» WHAT YOU NEED TO DO:
A word-for-word copy of all entries is required, without images.

» DATASET CONTENT:
※

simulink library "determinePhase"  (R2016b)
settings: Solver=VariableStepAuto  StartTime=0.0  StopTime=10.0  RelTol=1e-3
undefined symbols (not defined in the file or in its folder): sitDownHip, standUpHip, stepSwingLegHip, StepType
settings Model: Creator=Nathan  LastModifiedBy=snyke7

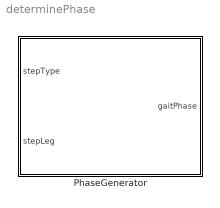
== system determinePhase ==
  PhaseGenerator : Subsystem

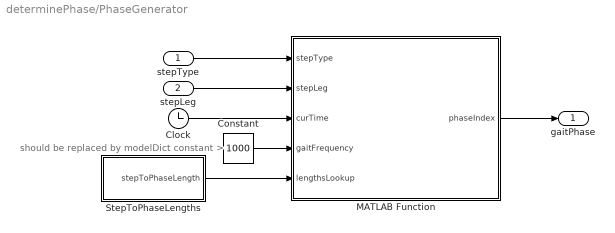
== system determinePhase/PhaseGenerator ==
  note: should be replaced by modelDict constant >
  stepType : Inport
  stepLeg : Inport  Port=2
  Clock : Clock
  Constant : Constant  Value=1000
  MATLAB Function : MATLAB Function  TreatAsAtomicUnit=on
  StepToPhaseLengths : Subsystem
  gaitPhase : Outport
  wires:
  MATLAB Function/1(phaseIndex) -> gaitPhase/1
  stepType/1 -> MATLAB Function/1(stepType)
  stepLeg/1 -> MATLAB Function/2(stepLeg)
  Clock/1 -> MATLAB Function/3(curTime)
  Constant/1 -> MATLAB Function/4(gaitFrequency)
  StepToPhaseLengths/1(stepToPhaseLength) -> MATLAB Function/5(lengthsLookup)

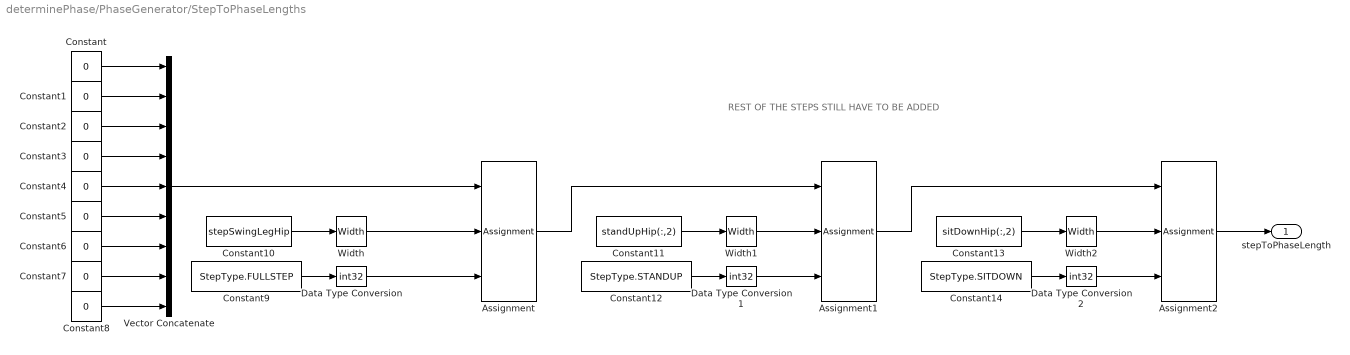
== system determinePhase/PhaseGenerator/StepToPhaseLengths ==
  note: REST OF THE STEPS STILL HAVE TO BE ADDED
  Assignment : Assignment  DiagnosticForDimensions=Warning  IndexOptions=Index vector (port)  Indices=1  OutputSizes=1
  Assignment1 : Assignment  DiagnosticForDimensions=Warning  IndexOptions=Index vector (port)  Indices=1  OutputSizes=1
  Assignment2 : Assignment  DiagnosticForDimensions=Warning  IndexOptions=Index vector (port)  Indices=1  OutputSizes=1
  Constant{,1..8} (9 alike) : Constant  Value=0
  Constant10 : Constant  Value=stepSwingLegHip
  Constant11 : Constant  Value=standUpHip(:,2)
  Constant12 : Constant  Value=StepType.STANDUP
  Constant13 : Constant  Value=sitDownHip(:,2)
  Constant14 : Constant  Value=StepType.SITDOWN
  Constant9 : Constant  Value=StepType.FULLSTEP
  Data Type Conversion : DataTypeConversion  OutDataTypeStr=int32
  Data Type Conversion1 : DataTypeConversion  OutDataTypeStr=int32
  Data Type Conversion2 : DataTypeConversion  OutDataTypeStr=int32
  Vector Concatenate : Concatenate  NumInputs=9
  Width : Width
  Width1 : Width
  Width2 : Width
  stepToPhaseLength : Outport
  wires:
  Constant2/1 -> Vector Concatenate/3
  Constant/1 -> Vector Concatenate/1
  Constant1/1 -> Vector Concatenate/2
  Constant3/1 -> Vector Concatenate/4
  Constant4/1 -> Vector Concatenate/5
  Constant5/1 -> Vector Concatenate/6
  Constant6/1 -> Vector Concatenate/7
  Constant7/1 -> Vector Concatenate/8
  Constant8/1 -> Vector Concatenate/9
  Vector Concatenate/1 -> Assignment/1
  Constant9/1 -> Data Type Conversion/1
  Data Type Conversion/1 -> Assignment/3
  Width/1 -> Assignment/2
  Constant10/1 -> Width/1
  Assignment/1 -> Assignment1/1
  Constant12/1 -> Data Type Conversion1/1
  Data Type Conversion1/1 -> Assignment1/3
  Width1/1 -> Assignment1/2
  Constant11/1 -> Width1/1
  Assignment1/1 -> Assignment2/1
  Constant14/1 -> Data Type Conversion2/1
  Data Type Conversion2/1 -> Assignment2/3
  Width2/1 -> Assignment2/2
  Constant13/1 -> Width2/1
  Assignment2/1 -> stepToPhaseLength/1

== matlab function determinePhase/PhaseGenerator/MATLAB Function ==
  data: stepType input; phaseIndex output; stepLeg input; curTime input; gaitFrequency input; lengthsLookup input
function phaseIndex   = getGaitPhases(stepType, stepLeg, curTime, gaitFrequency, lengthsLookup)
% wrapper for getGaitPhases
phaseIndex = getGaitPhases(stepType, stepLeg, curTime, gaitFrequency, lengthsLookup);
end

※

» WRITTEN REPLY:
simulink library "determinePhase"  (R2016b)
settings: Solver=VariableStepAuto  StartTime=0.0  StopTime=10.0  RelTol=1e-3
undefined symbols (not defined in the file or in its folder): sitDownHip, standUpHip, stepSwingLegHip, StepType
settings Model: Creator=Nathan  LastModifiedBy=snyke7

== system determinePhase ==
  PhaseGenerator : Subsystem

== system determinePhase/PhaseGenerator ==
  note: should be replaced by modelDict constant >
  stepType : Inport
  stepLeg : Inport  Port=2
  Clock : Clock
  Constant : Constant  Value=1000
  MATLAB Function : MATLAB Function  TreatAsAtomicUnit=on
  StepToPhaseLengths : Subsystem
  gaitPhase : Outport
  wires:
  MATLAB Function/1(phaseIndex) -> gaitPhase/1
  stepType/1 -> MATLAB Function/1(stepType)
  stepLeg/1 -> MATLAB Function/2(stepLeg)
  Clock/1 -> MATLAB Function/3(curTime)
  Constant/1 -> MATLAB Function/4(gaitFrequency)
  StepToPhaseLengths/1(stepToPhaseLength) -> MATLAB Function/5(lengthsLookup)

== system determinePhase/PhaseGenerator/StepToPhaseLengths ==
  note: REST OF THE STEPS STILL HAVE TO BE ADDED
  Assignment : Assignment  DiagnosticForDimensions=Warning  IndexOptions=Index vector (port)  Indices=1  OutputSizes=1
  Assignment1 : Assignment  DiagnosticForDimensions=Warning  IndexOptions=Index vector (port)  Indices=1  OutputSizes=1
  Assignment2 : Assignment  DiagnosticForDimensions=Warning  IndexOptions=Index vector (port)  Indices=1  OutputSizes=1
  Constant{,1..8} (9 alike) : Constant  Value=0
  Constant10 : Constant  Value=stepSwingLegHip
  Constant11 : Constant  Value=standUpHip(:,2)
  Constant12 : Constant  Value=StepType.STANDUP
  Constant13 : Constant  Value=sitDownHip(:,2)
  Constant14 : Constant  Value=StepType.SITDOWN
  Constant9 : Constant  Value=StepType.FULLSTEP
  Data Type Conversion : DataTypeConversion  OutDataTypeStr=int32
  Data Type Conversion1 : DataTypeConversion  OutDataTypeStr=int32
  Data Type Conversion2 : DataTypeConversion  OutDataTypeStr=int32
  Vector Concatenate : Concatenate  NumInputs=9
  Width : Width
  Width1 : Width
  Width2 : Width
  stepToPhaseLength : Outport
  wires:
  Constant2/1 -> Vector Concatenate/3
  Constant/1 -> Vector Concatenate/1
  Constant1/1 -> Vector Concatenate/2
  Constant3/1 -> Vector Concatenate/4
  Constant4/1 -> Vector Concatenate/5
  Constant5/1 -> Vector Concatenate/6
  Constant6/1 -> Vector Concatenate/7
  Constant7/1 -> Vector Concatenate/8
  Constant8/1 -> Vector Concatenate/9
  Vector Concatenate/1 -> Assignment/1
  Constant9/1 -> Data Type Conversion/1
  Data Type Conversion/1 -> Assignment/3
  Width/1 -> Assignment/2
  Constant10/1 -> Width/1
  Assignment/1 -> Assignment1/1
  Constant12/1 -> Data Type Conversion1/1
  Data Type Conversion1/1 -> Assignment1/3
  Width1/1 -> Assignment1/2
  Constant11/1 -> Width1/1
  Assignment1/1 -> Assignment2/1
  Constant14/1 -> Data Type Conversion2/1
  Data Type Conversion2/1 -> Assignment2/3
  Width2/1 -> Assignment2/2
  Constant13/1 -> Width2/1
  Assignment2/1 -> stepToPhaseLength/1

== matlab function determinePhase/PhaseGenerator/MATLAB Function ==
  data: stepType input; phaseIndex output; stepLeg input; curTime input; gaitFrequency input; lengthsLookup input
function phaseIndex   = getGaitPhases(stepType, stepLeg, curTime, gaitFrequency, lengthsLookup)
% wrapper for getGaitPhases
phaseIndex = getGaitPhases(stepType, stepLeg, curTime, gaitFrequency, lengthsLookup);
end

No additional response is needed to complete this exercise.